[What needs to be done]:
For the entries below, say how many lines include the word "nashed" and add nothing else.
[Provided material — start]
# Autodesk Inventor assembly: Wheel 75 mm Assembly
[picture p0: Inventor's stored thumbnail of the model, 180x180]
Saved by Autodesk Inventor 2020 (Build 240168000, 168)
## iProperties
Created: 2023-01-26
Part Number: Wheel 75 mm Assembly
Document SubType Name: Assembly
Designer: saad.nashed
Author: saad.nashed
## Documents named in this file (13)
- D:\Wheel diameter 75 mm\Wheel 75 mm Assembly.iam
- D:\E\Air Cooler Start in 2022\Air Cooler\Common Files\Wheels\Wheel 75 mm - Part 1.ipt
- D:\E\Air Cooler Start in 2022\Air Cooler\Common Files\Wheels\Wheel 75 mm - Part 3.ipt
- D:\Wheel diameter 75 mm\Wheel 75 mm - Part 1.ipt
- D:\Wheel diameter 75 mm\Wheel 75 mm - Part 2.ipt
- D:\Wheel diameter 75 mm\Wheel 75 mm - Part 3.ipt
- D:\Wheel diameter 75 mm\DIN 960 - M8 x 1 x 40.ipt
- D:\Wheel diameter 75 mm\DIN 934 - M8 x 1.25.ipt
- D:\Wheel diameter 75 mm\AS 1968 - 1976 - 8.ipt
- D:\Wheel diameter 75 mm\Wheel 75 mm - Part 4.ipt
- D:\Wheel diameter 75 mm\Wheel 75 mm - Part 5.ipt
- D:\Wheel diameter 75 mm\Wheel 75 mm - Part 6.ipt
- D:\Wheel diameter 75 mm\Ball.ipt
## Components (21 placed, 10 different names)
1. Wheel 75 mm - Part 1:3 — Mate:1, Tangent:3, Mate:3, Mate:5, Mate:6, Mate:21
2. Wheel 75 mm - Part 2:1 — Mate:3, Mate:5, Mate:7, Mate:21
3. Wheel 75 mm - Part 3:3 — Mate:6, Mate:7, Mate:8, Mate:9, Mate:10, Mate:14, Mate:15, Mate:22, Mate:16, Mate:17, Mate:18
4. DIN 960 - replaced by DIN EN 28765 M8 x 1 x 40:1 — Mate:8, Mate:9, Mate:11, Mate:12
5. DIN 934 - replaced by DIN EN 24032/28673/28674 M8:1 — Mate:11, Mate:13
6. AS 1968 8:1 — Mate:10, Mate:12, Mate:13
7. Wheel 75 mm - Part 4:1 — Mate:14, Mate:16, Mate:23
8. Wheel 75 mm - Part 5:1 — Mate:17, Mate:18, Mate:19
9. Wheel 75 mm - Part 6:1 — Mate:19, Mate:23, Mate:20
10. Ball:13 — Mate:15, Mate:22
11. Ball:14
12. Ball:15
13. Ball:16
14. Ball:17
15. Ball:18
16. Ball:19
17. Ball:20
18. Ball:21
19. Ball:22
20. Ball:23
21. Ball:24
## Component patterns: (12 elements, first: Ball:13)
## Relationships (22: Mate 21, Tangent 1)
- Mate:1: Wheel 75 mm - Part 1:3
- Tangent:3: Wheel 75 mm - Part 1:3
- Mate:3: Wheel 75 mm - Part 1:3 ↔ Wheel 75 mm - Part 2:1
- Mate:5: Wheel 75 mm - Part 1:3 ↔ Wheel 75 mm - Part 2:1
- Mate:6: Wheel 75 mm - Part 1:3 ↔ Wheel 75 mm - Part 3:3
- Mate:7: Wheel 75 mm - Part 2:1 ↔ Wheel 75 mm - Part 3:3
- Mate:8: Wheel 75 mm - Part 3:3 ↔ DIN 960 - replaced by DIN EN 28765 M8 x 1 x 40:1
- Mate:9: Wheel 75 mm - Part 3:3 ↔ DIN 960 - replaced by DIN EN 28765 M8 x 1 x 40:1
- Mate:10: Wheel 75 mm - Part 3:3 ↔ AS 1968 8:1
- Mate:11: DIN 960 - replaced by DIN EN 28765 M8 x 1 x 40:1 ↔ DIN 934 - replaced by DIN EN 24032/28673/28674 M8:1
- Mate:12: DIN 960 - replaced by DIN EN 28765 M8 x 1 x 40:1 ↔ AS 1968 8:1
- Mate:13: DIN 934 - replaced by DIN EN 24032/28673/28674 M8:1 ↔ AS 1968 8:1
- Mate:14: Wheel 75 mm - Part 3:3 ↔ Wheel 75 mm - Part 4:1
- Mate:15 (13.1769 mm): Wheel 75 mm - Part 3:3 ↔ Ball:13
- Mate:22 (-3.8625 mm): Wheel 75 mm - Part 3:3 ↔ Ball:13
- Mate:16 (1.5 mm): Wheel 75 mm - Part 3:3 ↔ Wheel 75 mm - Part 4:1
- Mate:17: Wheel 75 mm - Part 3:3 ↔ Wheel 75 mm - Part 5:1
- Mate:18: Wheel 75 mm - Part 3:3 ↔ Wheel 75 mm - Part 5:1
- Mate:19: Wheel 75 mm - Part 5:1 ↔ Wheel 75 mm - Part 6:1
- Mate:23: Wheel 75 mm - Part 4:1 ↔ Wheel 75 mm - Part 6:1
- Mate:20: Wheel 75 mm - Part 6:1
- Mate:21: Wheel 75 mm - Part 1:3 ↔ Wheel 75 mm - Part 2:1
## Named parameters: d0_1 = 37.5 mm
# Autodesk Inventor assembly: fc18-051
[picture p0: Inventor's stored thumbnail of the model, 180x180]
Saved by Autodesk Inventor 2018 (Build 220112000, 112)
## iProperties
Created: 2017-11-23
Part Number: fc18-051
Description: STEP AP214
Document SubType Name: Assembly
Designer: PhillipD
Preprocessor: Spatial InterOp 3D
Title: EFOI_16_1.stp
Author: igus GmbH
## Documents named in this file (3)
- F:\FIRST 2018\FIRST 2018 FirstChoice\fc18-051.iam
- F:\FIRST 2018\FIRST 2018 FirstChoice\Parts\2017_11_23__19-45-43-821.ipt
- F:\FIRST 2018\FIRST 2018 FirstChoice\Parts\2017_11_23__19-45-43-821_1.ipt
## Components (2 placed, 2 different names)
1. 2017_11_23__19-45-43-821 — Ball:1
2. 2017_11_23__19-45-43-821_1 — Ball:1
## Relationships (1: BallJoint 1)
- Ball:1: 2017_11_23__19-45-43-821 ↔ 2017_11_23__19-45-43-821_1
[Provided material — finish]
[Exercise answer]:
2